[[ Data records open ]]

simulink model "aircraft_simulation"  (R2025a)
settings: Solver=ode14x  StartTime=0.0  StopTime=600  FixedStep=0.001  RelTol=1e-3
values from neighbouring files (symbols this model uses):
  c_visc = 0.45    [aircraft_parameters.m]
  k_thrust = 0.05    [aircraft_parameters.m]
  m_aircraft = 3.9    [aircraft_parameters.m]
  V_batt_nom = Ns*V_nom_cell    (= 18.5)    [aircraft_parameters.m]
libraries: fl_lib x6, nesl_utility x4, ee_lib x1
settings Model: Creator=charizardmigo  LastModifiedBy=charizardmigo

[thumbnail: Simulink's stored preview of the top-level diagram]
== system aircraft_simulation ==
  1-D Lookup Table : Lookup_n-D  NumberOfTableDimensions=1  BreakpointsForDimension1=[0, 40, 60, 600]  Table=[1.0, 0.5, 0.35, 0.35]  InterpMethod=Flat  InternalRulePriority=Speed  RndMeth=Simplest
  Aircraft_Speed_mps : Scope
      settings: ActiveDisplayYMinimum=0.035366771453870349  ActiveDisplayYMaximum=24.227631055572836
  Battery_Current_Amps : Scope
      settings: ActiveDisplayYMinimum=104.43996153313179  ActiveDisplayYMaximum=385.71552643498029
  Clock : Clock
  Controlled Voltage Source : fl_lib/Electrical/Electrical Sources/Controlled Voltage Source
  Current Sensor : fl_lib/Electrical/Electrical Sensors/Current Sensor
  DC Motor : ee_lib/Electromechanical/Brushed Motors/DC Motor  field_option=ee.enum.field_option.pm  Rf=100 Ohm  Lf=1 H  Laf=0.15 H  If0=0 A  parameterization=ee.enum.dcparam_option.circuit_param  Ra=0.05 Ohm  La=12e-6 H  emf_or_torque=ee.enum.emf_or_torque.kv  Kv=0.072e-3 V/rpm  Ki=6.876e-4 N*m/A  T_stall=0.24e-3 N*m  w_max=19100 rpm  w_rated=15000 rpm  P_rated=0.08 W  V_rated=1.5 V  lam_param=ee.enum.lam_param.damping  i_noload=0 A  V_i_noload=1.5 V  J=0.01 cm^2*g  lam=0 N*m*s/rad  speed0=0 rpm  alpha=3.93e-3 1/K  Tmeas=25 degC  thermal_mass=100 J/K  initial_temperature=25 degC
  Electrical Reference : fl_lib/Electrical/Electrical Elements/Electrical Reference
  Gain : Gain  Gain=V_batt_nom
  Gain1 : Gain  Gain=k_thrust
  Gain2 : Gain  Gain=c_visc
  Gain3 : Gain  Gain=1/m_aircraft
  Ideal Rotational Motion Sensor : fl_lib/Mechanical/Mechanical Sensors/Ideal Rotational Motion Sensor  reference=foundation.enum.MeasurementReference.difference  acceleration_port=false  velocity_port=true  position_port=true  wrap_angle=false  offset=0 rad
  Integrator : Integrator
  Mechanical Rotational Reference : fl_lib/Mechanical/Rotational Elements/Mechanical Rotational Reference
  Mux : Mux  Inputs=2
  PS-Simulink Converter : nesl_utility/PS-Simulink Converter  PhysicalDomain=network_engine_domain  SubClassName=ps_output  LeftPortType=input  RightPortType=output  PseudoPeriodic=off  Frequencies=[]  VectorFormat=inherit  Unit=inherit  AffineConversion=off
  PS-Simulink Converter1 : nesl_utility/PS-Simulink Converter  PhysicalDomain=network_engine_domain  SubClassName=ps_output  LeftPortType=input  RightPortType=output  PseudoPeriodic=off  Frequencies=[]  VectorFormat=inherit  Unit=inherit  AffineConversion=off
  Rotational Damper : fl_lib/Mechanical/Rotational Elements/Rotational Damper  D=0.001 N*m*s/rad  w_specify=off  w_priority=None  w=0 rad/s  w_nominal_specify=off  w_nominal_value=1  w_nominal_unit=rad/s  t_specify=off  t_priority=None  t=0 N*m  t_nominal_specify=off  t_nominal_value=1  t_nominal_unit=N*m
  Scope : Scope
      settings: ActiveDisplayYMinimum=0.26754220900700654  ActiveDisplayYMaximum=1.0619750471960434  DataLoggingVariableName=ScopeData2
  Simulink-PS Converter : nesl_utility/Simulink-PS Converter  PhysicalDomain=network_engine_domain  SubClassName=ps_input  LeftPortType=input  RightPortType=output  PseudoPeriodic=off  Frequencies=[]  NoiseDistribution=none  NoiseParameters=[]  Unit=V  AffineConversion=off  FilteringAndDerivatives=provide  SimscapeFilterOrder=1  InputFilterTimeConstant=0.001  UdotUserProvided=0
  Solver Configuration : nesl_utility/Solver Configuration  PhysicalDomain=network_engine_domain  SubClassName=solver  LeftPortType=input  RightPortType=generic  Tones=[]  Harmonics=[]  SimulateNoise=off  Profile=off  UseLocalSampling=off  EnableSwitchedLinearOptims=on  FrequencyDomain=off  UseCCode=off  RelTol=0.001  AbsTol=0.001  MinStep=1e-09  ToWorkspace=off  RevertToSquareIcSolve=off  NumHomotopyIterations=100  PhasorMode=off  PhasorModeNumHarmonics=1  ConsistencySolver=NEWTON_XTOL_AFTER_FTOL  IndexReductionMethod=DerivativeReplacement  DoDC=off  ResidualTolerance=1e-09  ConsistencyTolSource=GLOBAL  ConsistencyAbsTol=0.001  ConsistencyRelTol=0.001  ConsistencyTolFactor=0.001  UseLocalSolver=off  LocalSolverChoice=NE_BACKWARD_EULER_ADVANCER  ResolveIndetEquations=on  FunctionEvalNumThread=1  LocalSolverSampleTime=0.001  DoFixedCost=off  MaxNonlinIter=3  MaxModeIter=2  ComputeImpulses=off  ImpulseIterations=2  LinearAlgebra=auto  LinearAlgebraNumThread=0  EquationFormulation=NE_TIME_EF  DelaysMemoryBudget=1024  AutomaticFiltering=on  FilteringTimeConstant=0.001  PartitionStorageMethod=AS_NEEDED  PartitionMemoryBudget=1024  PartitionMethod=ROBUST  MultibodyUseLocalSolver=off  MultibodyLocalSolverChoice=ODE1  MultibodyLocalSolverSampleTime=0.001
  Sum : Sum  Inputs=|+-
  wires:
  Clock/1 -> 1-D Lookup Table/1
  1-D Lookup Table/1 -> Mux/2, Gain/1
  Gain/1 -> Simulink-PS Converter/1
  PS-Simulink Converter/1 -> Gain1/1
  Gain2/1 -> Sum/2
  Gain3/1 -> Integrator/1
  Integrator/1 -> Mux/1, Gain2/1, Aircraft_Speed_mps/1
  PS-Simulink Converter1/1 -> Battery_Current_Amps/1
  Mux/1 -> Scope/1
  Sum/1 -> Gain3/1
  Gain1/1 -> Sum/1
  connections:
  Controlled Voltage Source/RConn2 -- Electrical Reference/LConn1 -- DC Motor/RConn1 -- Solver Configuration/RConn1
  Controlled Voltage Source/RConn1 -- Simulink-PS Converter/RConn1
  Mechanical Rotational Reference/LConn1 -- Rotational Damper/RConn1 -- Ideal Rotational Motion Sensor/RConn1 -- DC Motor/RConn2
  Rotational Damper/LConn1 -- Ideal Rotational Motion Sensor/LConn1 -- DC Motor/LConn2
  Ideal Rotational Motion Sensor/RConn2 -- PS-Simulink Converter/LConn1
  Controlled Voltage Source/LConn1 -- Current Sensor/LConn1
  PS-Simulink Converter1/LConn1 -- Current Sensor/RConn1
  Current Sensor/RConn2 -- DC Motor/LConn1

[[ Data records closed ]]

Work required: Above are the entries; repeat their lines exactly, from the first through the one that contains "m_aircraft = 3.9".

Output for this exercise:
simulink model "aircraft_simulation"  (R2025a)
settings: Solver=ode14x  StartTime=0.0  StopTime=600  FixedStep=0.001  RelTol=1e-3
values from neighbouring files (symbols this model uses):
  c_visc = 0.45    [aircraft_parameters.m]
  k_thrust = 0.05    [aircraft_parameters.m]
  m_aircraft = 3.9    [aircraft_parameters.m]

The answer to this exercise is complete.